_Description of the task_. Among the entries below, find the line with "[mrst] -> ticks_since_mrst/1(reset)", then quote it and each following line up to and including the line with "[tick_offset] -> ticks_since_mrst/3(offset)", and nothing else.

_Supplied data_.
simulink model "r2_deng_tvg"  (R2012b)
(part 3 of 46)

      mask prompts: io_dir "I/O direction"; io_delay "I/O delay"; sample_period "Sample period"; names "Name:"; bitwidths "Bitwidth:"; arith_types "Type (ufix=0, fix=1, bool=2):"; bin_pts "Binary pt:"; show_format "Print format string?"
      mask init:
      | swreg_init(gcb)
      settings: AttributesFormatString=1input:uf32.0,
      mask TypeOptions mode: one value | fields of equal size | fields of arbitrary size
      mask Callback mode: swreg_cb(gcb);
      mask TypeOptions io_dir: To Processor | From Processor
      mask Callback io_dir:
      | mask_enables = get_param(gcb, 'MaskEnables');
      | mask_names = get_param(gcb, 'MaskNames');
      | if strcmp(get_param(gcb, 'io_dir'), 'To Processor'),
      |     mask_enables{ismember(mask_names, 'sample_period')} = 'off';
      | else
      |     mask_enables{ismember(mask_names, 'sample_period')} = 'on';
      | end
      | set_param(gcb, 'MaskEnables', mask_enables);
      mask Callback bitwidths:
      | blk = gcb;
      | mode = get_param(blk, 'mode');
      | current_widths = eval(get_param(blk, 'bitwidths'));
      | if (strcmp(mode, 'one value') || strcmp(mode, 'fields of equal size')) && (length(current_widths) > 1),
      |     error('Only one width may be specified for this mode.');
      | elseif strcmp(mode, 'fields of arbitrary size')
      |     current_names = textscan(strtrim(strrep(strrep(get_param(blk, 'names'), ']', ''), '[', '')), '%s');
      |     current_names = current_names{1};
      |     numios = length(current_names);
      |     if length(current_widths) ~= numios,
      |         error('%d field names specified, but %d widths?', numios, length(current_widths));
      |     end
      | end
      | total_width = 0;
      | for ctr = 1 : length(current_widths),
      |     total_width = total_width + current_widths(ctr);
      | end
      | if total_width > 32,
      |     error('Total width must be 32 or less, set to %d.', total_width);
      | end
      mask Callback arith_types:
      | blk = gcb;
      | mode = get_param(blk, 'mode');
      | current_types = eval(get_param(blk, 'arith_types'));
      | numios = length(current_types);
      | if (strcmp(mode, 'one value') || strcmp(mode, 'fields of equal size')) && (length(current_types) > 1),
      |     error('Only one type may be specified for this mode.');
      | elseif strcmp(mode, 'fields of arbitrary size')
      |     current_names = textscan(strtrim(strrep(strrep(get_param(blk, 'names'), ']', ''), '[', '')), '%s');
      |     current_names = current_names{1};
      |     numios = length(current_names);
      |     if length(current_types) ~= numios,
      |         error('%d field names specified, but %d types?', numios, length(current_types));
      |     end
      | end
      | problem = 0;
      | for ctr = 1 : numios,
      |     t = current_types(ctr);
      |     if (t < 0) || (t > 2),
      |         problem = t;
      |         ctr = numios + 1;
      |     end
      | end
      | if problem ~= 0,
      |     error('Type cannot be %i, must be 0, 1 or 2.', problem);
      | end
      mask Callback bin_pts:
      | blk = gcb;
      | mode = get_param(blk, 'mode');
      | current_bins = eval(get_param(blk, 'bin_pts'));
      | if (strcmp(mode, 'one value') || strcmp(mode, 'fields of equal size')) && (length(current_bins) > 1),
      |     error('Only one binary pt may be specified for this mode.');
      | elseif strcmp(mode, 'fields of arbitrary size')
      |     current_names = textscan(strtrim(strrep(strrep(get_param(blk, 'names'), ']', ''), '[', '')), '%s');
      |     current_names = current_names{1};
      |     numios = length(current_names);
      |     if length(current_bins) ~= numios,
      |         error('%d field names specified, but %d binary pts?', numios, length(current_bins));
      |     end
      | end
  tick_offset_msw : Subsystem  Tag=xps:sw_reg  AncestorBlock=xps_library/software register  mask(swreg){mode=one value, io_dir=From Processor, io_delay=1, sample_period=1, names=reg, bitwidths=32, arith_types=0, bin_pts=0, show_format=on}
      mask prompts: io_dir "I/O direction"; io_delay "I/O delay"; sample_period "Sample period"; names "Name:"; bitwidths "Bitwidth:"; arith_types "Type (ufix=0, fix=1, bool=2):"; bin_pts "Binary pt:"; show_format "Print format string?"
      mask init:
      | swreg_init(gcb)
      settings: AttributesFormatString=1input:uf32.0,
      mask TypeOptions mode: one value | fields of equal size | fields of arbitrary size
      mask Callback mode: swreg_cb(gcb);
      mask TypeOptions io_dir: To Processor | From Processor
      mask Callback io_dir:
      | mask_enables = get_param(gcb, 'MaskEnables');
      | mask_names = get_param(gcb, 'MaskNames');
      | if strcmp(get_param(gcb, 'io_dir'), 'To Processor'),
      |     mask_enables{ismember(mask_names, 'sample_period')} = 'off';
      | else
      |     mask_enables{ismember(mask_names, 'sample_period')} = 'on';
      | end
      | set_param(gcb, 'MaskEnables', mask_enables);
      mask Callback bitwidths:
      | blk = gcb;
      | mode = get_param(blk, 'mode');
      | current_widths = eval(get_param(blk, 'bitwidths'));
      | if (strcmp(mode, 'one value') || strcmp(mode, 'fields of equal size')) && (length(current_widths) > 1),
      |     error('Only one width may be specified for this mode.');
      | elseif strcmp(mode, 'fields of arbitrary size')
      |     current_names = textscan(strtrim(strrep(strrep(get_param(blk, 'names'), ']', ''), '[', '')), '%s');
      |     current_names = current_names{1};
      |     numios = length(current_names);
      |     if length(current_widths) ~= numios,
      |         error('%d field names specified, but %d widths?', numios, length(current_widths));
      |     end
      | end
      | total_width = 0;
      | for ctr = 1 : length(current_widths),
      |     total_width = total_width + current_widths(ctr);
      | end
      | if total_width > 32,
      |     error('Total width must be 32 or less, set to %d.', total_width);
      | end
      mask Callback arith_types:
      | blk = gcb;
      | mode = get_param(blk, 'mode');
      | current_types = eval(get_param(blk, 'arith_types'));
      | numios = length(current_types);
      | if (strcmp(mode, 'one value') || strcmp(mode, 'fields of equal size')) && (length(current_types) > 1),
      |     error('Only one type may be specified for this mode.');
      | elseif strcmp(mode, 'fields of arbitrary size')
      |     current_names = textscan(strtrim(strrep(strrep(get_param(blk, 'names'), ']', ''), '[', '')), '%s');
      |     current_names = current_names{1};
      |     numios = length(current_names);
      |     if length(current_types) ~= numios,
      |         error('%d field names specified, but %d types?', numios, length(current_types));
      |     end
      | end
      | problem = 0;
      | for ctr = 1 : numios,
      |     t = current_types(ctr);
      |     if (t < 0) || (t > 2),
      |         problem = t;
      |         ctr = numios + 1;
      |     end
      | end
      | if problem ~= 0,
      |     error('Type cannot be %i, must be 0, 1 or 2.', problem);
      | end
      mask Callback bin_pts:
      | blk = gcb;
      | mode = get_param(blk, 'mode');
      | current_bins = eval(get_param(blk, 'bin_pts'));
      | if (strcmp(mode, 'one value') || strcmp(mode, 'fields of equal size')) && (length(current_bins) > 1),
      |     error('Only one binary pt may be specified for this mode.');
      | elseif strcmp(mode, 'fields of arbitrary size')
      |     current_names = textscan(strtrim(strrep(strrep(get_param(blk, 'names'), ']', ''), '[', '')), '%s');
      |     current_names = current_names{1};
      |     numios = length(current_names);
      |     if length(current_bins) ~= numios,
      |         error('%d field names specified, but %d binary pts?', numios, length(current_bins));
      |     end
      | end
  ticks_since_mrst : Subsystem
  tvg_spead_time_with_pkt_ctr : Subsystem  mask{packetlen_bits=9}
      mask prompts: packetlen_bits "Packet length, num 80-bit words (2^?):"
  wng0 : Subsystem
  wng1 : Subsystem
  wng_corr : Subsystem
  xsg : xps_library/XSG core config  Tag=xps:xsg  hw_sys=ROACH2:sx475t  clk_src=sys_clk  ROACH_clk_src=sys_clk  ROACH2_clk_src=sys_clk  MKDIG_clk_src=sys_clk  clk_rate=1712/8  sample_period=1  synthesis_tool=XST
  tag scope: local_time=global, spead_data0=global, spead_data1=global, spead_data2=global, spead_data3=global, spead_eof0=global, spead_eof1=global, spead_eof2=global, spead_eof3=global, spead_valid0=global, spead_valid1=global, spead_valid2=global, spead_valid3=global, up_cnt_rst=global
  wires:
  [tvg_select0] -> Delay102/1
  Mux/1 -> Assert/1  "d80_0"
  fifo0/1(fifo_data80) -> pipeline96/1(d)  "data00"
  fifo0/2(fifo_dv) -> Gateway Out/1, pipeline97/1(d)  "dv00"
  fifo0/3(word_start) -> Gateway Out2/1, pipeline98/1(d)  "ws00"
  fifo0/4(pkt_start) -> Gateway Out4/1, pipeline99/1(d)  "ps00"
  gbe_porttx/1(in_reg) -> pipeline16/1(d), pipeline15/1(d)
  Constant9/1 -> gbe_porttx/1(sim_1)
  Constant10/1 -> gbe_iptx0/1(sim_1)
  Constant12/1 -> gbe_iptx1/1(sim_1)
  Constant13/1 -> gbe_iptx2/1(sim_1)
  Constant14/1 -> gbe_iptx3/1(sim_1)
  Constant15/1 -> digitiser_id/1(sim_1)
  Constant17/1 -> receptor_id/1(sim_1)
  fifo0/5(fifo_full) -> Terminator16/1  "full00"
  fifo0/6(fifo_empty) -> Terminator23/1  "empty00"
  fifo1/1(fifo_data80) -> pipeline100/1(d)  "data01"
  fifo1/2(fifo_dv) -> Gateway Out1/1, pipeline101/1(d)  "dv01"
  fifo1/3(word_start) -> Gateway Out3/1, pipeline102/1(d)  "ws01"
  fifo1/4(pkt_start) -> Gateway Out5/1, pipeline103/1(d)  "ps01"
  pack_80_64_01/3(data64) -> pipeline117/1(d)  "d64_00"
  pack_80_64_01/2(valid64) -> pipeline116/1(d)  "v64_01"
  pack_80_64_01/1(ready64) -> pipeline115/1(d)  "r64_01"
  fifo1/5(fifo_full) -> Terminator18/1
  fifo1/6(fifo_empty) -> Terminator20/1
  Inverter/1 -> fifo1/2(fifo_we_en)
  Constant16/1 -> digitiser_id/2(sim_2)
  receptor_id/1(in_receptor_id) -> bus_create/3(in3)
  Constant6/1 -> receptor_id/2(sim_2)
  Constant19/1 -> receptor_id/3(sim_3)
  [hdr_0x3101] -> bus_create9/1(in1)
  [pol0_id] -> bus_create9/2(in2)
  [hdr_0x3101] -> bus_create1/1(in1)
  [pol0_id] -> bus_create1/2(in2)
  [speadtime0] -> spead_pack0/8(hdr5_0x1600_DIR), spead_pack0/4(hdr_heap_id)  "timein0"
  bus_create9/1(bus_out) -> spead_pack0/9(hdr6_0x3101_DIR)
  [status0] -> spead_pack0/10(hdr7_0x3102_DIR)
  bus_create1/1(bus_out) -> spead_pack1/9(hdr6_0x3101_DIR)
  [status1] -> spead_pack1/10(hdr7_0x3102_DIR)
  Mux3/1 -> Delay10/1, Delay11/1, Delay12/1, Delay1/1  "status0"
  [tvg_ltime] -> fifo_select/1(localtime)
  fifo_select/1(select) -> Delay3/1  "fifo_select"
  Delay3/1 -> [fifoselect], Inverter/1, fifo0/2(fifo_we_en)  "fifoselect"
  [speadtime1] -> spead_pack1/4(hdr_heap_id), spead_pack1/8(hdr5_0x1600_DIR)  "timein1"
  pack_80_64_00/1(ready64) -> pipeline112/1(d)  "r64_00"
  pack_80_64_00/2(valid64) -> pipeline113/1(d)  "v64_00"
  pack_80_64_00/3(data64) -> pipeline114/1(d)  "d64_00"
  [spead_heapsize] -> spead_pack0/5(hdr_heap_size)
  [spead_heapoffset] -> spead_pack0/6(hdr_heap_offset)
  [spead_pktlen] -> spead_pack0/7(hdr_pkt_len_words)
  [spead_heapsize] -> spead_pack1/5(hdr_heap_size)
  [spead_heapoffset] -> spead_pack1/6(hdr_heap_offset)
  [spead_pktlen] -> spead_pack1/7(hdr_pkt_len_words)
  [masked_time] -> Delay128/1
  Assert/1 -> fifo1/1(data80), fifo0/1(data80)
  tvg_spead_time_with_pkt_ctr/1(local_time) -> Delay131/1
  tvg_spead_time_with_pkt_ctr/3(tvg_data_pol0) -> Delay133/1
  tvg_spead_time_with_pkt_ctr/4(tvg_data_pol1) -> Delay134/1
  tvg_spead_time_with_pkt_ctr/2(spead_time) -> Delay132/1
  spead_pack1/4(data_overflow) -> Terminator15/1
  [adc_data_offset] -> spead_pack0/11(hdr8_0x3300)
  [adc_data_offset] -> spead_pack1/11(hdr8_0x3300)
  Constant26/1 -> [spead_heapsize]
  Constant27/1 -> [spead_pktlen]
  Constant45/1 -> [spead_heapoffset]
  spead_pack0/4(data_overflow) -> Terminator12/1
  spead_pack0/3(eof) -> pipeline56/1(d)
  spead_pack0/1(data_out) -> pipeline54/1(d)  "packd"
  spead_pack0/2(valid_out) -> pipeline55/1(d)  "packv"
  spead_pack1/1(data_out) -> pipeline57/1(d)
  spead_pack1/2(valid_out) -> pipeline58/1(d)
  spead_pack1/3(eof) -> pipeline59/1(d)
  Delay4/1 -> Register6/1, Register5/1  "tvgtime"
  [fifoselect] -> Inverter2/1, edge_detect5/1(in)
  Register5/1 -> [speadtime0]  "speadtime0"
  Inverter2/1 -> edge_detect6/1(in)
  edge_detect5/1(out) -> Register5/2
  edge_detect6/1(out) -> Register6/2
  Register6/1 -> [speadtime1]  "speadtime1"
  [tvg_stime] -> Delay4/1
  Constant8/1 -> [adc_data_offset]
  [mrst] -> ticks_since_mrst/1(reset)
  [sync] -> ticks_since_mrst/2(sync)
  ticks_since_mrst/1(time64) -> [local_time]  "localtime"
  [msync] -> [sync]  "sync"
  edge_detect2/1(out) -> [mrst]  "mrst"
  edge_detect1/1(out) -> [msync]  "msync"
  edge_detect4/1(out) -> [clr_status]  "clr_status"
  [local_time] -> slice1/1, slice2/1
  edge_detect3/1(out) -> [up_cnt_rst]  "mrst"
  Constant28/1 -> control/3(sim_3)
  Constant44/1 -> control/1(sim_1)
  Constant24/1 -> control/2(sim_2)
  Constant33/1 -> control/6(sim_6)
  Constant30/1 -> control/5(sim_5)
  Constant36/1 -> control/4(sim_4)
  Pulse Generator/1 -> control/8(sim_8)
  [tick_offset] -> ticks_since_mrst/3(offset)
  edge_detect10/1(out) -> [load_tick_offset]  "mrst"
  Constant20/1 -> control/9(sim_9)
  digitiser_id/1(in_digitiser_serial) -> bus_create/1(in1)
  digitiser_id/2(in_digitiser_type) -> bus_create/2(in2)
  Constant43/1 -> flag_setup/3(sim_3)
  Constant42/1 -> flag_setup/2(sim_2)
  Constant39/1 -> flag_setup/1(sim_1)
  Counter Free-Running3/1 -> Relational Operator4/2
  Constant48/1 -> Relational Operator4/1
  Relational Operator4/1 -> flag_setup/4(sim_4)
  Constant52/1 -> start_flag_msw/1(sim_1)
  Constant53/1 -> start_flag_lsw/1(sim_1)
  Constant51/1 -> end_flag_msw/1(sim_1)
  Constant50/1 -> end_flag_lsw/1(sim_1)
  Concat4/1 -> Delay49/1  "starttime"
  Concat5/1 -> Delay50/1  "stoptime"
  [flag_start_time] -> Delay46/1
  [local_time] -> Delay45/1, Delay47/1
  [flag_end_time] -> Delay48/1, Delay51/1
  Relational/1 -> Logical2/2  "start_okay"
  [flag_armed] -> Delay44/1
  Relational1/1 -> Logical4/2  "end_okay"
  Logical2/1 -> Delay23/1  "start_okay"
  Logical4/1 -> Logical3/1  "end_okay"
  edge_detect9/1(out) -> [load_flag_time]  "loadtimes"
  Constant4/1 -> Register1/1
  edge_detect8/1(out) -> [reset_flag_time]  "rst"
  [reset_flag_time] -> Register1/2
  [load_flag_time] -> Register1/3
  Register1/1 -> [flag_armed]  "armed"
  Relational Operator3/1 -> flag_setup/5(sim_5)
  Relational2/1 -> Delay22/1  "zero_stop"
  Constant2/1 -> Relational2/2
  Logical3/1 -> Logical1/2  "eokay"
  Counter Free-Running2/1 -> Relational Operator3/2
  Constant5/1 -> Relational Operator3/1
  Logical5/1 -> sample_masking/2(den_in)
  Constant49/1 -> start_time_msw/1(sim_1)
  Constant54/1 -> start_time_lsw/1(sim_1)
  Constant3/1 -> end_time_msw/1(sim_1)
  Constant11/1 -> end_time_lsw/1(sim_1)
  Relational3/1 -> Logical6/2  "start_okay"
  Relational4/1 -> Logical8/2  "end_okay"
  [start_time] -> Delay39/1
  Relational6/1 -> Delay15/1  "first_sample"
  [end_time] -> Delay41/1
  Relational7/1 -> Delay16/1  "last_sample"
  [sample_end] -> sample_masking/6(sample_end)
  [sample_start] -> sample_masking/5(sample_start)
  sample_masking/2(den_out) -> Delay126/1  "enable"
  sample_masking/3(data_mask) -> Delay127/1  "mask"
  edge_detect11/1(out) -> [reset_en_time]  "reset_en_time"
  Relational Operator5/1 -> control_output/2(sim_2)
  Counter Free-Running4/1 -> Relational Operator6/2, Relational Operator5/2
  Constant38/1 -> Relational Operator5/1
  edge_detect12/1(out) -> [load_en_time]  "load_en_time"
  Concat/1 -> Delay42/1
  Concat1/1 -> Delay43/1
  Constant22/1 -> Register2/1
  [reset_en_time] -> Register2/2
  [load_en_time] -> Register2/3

_Task answer_.
  [mrst] -> ticks_since_mrst/1(reset)
  [sync] -> ticks_since_mrst/2(sync)
  ticks_since_mrst/1(time64) -> [local_time]  "localtime"
  [msync] -> [sync]  "sync"
  edge_detect2/1(out) -> [mrst]  "mrst"
  edge_detect1/1(out) -> [msync]  "msync"
  edge_detect4/1(out) -> [clr_status]  "clr_status"
  [local_time] -> slice1/1, slice2/1
  edge_detect3/1(out) -> [up_cnt_rst]  "mrst"
  Constant28/1 -> control/3(sim_3)
  Constant44/1 -> control/1(sim_1)
  Constant24/1 -> control/2(sim_2)
  Constant33/1 -> control/6(sim_6)
  Constant30/1 -> control/5(sim_5)
  Constant36/1 -> control/4(sim_4)
  Pulse Generator/1 -> control/8(sim_8)
  [tick_offset] -> ticks_since_mrst/3(offset)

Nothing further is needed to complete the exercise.